Department of Pathology, Institute of Post Graduate Medical Education and Research, Kolkata, West Bengal, India.
Department of Nephrology, Institute of Post Graduate Medical Education and Research, Kolkata, West Bengal, India.
Indian J Pathol Microbiol. 2020 Jul-Sep;63(3):397-404. doi: 10.4103/IJPM.IJPM_995_19.
Systemic lupus erythematosus is an autoimmune multisystem disease with a high predilection for renal involvement. Lupus nephritis develops in 20% to 75% within the first two years. Presentation varies from subnephrotic proteinuria to end-stage renal disease.
To study clinical features, biochemical, and serological parameters and correlate with histological activity and chronicity score [modified National Institute of Health (NIH) score].
Retrospective, cross-sectional, single-center based study in a tertiary care hospital of Eastern India.
We incuded 36 children with lupus nephritis diagnosed from February 2018 to March 2019. Laboratory data included were complete blood count (CBC), blood glucose, urine analysis, serum urea, creatinine, blood urea nitrogen (BUN), albumin, cholesterol, HBsAg, antihepatitis C virus (HCV) antibody, antistreptolysin O (ASO) titer, antinuclear antibody (ANA), myeloperoxidase antineutrophil cytoplasmic antibody (MPO ANCA), proteinase 3 antineutrophil cytoplasmic antibody (PR3 ANCA), double-stranded DNA (dsDNA), C3, and C4. Clinical parameters were age, sex, blood pressure (BP), skin lesions, arthralgia, edema, obesity. Renal biopsies examined with light microscopy, hematoxylin and eosin (H and E), periodic acid-Schiff (PAS), silver methanamine, Masson's trichrome (MT) stains. Immunofluorescence microscopy done with IgG, IgM, IgA, C3c, C1q, kappa, lambda antibodies.

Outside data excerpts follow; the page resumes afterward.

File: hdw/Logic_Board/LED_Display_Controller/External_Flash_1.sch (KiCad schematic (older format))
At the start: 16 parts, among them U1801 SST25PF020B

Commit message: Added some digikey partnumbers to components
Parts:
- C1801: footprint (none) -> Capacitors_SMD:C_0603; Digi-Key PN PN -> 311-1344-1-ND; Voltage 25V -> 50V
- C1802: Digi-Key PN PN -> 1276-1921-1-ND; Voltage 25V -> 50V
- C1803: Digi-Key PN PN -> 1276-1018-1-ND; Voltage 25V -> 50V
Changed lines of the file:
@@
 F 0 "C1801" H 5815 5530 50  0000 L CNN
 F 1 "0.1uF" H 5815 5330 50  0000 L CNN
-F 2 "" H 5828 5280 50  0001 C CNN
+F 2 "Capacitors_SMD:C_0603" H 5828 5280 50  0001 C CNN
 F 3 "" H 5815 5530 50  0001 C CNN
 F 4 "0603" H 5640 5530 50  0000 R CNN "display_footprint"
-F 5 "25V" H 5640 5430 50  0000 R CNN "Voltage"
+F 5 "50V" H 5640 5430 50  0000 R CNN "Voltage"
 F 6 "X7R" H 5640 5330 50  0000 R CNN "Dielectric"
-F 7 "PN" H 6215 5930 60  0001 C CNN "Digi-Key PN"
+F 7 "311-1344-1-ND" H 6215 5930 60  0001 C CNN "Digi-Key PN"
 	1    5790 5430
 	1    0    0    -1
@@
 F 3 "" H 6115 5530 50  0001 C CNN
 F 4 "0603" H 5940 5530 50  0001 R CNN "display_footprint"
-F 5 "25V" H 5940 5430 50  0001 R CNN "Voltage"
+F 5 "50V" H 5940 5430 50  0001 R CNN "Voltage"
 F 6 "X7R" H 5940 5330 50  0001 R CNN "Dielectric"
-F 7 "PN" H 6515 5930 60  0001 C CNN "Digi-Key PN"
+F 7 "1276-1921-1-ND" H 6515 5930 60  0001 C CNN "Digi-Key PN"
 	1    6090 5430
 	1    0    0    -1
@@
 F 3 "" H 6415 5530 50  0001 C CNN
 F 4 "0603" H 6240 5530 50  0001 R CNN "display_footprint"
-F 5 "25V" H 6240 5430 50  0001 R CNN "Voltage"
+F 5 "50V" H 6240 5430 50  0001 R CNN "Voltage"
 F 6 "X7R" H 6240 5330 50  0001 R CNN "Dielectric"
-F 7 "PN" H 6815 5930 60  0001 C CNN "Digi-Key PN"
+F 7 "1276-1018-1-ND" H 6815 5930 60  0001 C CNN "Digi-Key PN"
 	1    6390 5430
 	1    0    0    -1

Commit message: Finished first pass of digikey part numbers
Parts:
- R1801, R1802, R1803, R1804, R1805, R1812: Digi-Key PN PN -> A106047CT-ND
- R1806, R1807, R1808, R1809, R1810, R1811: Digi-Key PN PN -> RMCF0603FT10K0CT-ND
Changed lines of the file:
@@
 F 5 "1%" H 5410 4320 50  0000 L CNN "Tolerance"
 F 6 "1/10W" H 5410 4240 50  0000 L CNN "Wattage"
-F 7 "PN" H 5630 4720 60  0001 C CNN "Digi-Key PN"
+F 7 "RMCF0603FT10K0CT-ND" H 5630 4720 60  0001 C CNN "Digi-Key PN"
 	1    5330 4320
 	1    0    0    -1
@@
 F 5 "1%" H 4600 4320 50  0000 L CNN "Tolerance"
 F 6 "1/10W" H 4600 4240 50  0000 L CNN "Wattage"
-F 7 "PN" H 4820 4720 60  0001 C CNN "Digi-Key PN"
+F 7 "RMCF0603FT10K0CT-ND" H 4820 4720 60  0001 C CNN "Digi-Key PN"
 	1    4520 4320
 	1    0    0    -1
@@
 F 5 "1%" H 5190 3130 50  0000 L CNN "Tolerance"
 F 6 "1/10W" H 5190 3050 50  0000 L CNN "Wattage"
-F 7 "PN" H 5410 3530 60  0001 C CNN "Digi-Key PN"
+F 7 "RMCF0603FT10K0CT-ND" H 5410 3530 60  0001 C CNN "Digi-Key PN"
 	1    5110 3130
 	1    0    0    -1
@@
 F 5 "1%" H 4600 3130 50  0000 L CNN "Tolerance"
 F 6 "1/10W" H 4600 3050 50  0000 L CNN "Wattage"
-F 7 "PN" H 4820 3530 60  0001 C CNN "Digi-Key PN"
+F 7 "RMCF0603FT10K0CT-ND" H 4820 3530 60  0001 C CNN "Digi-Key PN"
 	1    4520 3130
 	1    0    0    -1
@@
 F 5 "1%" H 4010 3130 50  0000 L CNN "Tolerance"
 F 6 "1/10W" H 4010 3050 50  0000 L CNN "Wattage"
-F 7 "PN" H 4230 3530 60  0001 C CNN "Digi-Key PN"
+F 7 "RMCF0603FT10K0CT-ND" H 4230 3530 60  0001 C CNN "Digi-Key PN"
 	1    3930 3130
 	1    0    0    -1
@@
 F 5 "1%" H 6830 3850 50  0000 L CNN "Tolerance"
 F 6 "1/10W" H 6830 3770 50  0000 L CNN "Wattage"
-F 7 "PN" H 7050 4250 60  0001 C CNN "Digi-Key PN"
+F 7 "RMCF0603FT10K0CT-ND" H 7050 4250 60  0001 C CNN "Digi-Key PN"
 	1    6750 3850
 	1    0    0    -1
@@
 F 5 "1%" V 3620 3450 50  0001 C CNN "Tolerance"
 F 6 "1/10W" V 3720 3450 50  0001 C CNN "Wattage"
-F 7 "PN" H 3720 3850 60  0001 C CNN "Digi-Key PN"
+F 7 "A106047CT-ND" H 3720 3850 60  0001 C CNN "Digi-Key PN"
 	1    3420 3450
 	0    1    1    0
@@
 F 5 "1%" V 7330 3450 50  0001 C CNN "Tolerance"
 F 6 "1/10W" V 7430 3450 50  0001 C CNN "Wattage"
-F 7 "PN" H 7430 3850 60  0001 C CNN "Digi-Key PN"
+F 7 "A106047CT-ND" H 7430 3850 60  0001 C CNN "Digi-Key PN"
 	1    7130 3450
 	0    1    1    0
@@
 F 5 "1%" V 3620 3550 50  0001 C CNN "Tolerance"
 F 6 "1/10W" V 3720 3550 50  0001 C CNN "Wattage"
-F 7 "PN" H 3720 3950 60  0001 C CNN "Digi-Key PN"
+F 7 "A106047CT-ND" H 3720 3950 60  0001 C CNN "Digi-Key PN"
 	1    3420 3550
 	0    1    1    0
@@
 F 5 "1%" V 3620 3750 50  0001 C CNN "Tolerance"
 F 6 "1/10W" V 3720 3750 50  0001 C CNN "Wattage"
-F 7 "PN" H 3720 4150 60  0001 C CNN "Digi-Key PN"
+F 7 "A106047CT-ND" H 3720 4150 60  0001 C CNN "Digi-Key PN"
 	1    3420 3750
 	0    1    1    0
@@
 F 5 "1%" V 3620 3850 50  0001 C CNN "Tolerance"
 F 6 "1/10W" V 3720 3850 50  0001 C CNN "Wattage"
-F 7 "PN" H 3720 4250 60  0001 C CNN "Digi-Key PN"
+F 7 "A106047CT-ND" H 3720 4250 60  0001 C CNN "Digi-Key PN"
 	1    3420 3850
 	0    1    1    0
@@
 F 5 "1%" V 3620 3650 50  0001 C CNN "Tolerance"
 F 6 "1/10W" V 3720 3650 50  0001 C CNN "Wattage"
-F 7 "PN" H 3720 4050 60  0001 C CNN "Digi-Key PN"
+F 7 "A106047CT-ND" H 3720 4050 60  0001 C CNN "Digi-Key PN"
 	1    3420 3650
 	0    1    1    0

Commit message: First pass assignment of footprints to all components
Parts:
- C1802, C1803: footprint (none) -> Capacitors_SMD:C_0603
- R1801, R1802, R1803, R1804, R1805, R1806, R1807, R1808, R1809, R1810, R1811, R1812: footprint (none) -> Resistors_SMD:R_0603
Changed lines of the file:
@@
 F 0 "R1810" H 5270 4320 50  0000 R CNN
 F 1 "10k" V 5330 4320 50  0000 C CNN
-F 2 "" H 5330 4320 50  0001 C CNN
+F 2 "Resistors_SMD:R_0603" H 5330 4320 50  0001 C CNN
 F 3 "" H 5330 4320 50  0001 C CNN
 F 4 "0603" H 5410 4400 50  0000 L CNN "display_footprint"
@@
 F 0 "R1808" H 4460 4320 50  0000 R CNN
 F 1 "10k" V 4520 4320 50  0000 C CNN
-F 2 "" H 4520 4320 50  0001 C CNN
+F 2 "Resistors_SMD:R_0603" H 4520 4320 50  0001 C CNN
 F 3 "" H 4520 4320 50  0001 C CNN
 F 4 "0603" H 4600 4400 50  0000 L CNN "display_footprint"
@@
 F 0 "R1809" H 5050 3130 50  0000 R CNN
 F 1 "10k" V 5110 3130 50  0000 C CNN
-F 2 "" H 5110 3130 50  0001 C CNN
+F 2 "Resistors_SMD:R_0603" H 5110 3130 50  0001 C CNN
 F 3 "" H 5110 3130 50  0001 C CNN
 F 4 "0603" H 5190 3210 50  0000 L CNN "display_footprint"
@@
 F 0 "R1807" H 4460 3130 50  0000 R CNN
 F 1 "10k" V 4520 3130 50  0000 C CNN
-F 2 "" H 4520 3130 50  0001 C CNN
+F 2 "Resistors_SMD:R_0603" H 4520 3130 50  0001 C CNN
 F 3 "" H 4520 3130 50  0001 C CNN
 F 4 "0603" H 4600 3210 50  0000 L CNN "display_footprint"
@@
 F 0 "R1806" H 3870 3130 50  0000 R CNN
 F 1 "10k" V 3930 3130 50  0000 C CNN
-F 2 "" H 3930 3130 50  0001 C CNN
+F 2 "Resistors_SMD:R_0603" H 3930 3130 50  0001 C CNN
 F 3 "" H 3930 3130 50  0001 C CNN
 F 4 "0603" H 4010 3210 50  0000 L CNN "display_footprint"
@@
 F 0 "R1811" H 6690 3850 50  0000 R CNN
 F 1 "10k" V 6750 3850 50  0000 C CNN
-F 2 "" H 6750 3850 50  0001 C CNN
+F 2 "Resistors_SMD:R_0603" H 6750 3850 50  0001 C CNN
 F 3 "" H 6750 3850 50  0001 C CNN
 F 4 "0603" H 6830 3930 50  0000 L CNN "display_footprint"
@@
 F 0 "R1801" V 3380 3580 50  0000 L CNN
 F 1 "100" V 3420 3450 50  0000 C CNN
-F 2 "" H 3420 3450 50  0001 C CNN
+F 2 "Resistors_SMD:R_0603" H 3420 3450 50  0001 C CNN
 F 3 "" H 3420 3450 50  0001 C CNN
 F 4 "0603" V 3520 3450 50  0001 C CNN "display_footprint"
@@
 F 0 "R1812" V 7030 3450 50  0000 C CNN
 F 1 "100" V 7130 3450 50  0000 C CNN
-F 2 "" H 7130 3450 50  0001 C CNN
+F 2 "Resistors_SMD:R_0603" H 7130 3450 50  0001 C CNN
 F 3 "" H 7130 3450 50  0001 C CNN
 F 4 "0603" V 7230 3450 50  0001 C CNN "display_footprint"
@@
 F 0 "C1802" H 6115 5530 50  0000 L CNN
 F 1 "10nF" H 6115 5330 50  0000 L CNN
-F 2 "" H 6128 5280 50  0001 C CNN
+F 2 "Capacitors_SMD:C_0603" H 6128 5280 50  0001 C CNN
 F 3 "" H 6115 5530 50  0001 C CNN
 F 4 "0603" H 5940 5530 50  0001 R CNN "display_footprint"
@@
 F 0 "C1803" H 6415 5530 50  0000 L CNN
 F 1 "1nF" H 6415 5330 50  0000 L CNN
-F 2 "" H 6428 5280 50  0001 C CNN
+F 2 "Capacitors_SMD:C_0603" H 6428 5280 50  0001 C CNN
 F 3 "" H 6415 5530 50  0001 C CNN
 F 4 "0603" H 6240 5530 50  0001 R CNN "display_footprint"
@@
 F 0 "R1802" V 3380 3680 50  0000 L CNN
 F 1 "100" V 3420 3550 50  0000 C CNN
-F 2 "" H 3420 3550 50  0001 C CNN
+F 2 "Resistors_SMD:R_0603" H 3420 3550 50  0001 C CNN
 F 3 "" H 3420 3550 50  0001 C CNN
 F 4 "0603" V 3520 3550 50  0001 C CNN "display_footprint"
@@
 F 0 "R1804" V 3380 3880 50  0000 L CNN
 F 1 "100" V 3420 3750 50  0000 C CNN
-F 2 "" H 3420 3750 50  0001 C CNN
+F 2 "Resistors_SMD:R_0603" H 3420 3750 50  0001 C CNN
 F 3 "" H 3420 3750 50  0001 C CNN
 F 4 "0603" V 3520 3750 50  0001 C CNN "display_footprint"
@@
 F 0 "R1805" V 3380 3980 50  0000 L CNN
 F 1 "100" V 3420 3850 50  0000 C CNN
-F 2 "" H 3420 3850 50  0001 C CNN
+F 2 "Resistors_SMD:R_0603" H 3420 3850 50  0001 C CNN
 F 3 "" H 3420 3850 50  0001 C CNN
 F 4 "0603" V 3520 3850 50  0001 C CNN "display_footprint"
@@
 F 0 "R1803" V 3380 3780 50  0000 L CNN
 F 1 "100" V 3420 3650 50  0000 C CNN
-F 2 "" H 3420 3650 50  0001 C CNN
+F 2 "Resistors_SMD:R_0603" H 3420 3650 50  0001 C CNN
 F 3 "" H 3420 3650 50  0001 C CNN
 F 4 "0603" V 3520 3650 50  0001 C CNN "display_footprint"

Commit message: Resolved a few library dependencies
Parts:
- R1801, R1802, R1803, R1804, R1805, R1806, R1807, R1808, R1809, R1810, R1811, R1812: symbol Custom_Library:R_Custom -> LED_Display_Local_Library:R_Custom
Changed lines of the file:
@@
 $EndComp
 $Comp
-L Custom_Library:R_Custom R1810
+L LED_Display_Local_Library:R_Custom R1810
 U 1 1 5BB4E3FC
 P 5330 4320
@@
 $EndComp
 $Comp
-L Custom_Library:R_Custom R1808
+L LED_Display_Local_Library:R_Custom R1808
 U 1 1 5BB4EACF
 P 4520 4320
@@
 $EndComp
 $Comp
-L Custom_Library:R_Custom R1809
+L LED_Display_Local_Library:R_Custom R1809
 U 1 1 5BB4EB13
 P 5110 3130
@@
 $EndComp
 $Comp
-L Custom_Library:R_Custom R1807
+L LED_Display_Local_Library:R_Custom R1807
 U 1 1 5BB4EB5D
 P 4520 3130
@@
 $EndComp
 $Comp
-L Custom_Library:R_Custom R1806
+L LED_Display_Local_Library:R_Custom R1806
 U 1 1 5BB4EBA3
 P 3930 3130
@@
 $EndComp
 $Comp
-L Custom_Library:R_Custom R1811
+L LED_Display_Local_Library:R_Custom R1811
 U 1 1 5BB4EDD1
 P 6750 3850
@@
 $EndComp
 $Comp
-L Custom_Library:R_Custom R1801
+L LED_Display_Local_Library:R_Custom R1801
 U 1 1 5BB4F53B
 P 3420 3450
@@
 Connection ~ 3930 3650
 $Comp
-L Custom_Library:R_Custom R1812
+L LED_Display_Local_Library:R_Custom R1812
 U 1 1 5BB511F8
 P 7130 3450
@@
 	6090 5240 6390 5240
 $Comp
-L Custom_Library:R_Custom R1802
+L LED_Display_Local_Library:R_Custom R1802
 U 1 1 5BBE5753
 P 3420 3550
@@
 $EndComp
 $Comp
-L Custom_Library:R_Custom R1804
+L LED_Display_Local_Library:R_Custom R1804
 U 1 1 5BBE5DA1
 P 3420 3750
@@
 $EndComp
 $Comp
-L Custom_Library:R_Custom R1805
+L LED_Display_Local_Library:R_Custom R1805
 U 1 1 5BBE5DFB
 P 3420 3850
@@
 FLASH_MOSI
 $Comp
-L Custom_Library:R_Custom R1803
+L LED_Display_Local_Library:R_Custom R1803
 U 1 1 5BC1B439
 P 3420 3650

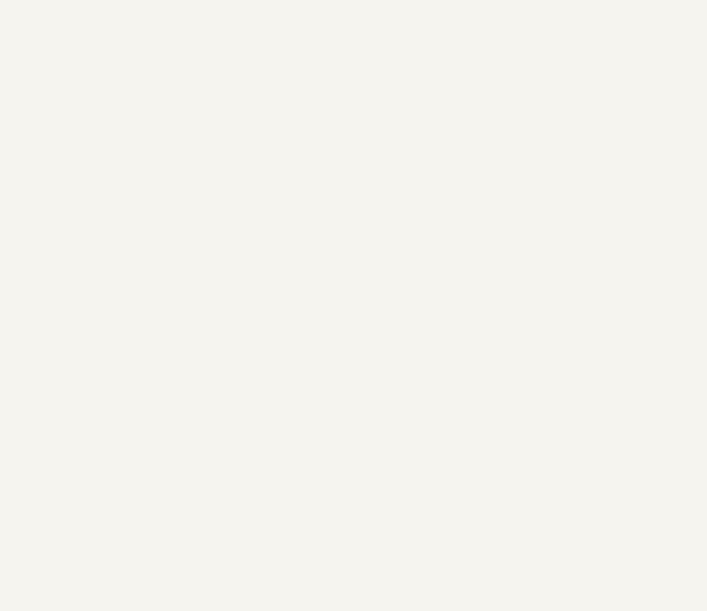
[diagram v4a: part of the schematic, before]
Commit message: Added flash chip select LEDs
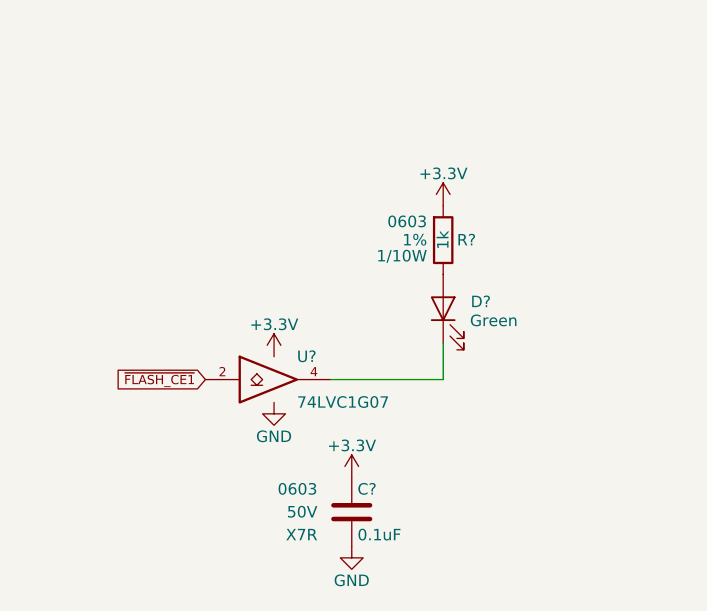
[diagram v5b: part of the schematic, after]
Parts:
- added C?: 0.1uF, Capacitors_SMD:C_0603, symbol LED_Display_Local_Library:C_Custom
- added D?: Green, LEDs:LED_0603, symbol Device:LED
- added R?: 1k, Resistors_SMD:R_0603, symbol LED_Display_Local_Library:R_Custom
- added U?: 74LVC1G07, TO_SOT_Packages_SMD:SOT-353_SC-70-5, symbol LED_Display_Local_Library:74LVC1G07_Power
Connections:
- net +3V3: now also C?.1, R?.1, U?.5 (VCC)
- net GND: now also C?.2, U?.3 (GND)
- net ~FLASH_CE1: now also U?.2
- new net: D?.1 (K), U?.4
- new net: D?.2 (A), R?.2
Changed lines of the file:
@@
 Wire Wire Line
 	4520 3850 5680 3850
+$Comp
+L LED_Display_Local_Library:C_Custom C?
+U 1 1 5C15F697
+P 2010 6900
+AR Path="/5BAAE16C/5C15F697" Ref="C?"  Part="1"
+AR Path="/5BB181D8/5C15F697" Ref="C?"  Part="1"
+AR Path="/5BB2595E/5C15F697" Ref="C?"  Part="1"
+F 0 "C?" H 2035 7000 50  0000 L CNN
+F 1 "0.1uF" H 2035 6800 50  0000 L CNN
+F 2 "Capacitors_SMD:C_0603" H 2048 6750 50  0001 C CNN
+F 3 "" H 2035 7000 50  0001 C CNN
+F 4 "0603" H 1860 7000 50  0000 R CNN "display_footprint"
+F 5 "50V" H 1860 6900 50  0000 R CNN "Voltage"
+F 6 "X7R" H 1860 6800 50  0000 R CNN "Dielectric"
+F 7 "311-1344-1-ND" H 2435 7400 60  0001 C CNN "Digi-Key PN"
+	1    2010 6900
+	1    0    0    -1
+$EndComp
+$Comp
+L LED_Display_Local_Library:74LVC1G07_Power U?
+U 1 1 5C161AE1
+P 1670 6320
+F 0 "U?" H 1770 6420 50  0000 L CNN
+F 1 "74LVC1G07" H 1770 6220 50  0000 L CNN
+F 2 "TO_SOT_Packages_SMD:SOT-353_SC-70-5" H 1670 6320 50  0001 C CNN
+F 3 "http://www.ti.com/lit/sg/scyt129e/scyt129e.pdf" H 1670 6320 50  0001 C CNN
+F 4 "296-8486-1-ND" H 1670 6320 50  0001 C CNN "Digi-Key PN"
+	1    1670 6320
+	1    0    0    -1
+$EndComp
+$Comp
+L power:+3.3V #PWR?
+U 1 1 5C161B83
+P 1670 6220
+F 0 "#PWR?" H 1670 6070 50  0001 C CNN
+F 1 "+3.3V" H 1670 6360 50  0000 C CNN
+F 2 "" H 1670 6220 50  0001 C CNN
+F 3 "" H 1670 6220 50  0001 C CNN
+	1    1670 6220
+	1    0    0    -1
+$EndComp
+$Comp
+L power:+3.3V #PWR?
+U 1 1 5C161BE9
+P 2010 6750
+F 0 "#PWR?" H 2010 6600 50  0001 C CNN
+F 1 "+3.3V" H 2010 6890 50  0000 C CNN
+F 2 "" H 2010 6750 50  0001 C CNN
+F 3 "" H 2010 6750 50  0001 C CNN
+	1    2010 6750
+	1    0    0    -1
+$EndComp
+$Comp
+L power:GND #PWR?
+U 1 1 5C161C44
+P 2010 7050
+F 0 "#PWR?" H 2010 6800 50  0001 C CNN
+F 1 "GND" H 2010 6900 50  0000 C CNN
+F 2 "" H 2010 7050 50  0001 C CNN
+F 3 "" H 2010 7050 50  0001 C CNN
+	1    2010 7050
+	1    0    0    -1
+$EndComp
+$Comp
+L power:GND #PWR?
+U 1 1 5C161C9F
+P 1670 6420
+F 0 "#PWR?" H 1670 6170 50  0001 C CNN
+F 1 "GND" H 1670 6270 50  0000 C CNN
+F 2 "" H 1670 6420 50  0001 C CNN
+F 3 "" H 1670 6420 50  0001 C CNN
+	1    1670 6420
+	1    0    0    -1
+$EndComp
+Text GLabel 1370 6320 0    40   Input ~ 0
+~FLASH_CE1
+$Comp
+L power:+3.3V #PWR?
+U 1 1 5C166A81
+P 2410 5560
+AR Path="/5BB844FD/5C166A81" Ref="#PWR?"  Part="1"
+AR Path="/5BF346B3/5C166A81" Ref="#PWR?"  Part="1"
+AR Path="/5BB2595E/5C166A81" Ref="#PWR?"  Part="1"
+F 0 "#PWR?" H 2410 5410 50  0001 C CNN
+F 1 "+3.3V" H 2410 5700 50  0000 C CNN
+F 2 "" H 2410 5560 50  0001 C CNN
+F 3 "" H 2410 5560 50  0001 C CNN
+	1    2410 5560
+	1    0    0    -1
+$EndComp
+Wire Wire Line
+	1920 6320 2410 6320
+Wire Wire Line
+	2410 6320 2410 6160
+$Comp
+L LED_Display_Local_Library:R_Custom R?
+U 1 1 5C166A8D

Kruskal-Wallis and χ tests.
Mean age was 15.12 ± 3.49 and 12.5 ± 1.73 years for lupus nephritis (LN) with activity and LN without activity, respectively. Mean dsDNA was higher and mean C3 was lower (52.35 ± 22.21 mg/dl) in active LN. Mean 24-hour urinary protein was higher in LN without activity. Serum creatinine was raised in active LN. LN class III and IV showed higher activity than chronicity.
Pediatric LN is proliferative and more active as compared with adult counterparts. Activity scores are much higher than chronicity scores.
系统性红斑狼疮是一种自身免疫性多系统疾病,肾脏受累的倾向很高。狼疮肾炎在头两年内发展的比例为 20%至 75%。临床表现从亚肾病范围蛋白尿到终末期肾病不等。
研究临床特征、生化和血清学参数,并与组织学活动和慢性评分[改良的国立卫生研究院(NIH)评分]相关。
这是一项在印度东部一家三级保健医院进行的回顾性、横断面、单中心研究。
我们纳入了 2018 年 2 月至 2019 年 3 月期间诊断为狼疮肾炎的 36 名儿童。实验室数据包括全血细胞计数(CBC)、血糖、尿液分析、血清尿素、肌酐、血尿素氮(BUN)、白蛋白、胆固醇、HBsAg、抗丙型肝炎病毒(HCV)抗体、抗链球菌溶血素 O(ASO)滴度、抗中性粒细胞胞浆抗体(ANCA)、髓过氧化物酶抗中性粒细胞胞浆抗体(MPO-ANCA)、蛋白酶 3 抗中性粒细胞胞浆抗体(PR3-ANCA)、双链 DNA(dsDNA)、C3 和 C4。临床参数包括年龄、性别、血压(BP)、皮肤损伤、关节炎、水肿、肥胖。肾活检行光镜、苏木精和伊红(H 和 E)、过碘酸雪夫(PAS)、银甲胺、马松三色(MT)染色。免疫荧光显微镜检查 IgG、IgM、IgA、C3c、C1q、kappa、lambda 抗体。
Kruskal-Wallis 和 χ 检验。
狼疮肾炎活动组的平均年龄为 15.12±3.49 岁,狼疮肾炎无活动组的平均年龄为 12.5±1.73 岁。dsDNA 均值较高,C3 均值较低(52.35±22.21mg/dl),活动性狼疮肾炎组的均值较高。无活动性狼疮肾炎的 24 小时尿蛋白均值较高。血清肌酐在活动性狼疮肾炎中升高。狼疮肾炎 III 级和 IV 级的活动评分高于慢性评分。
与成人相比,儿科狼疮肾炎为增生性且更活跃。活动评分远高于慢性评分。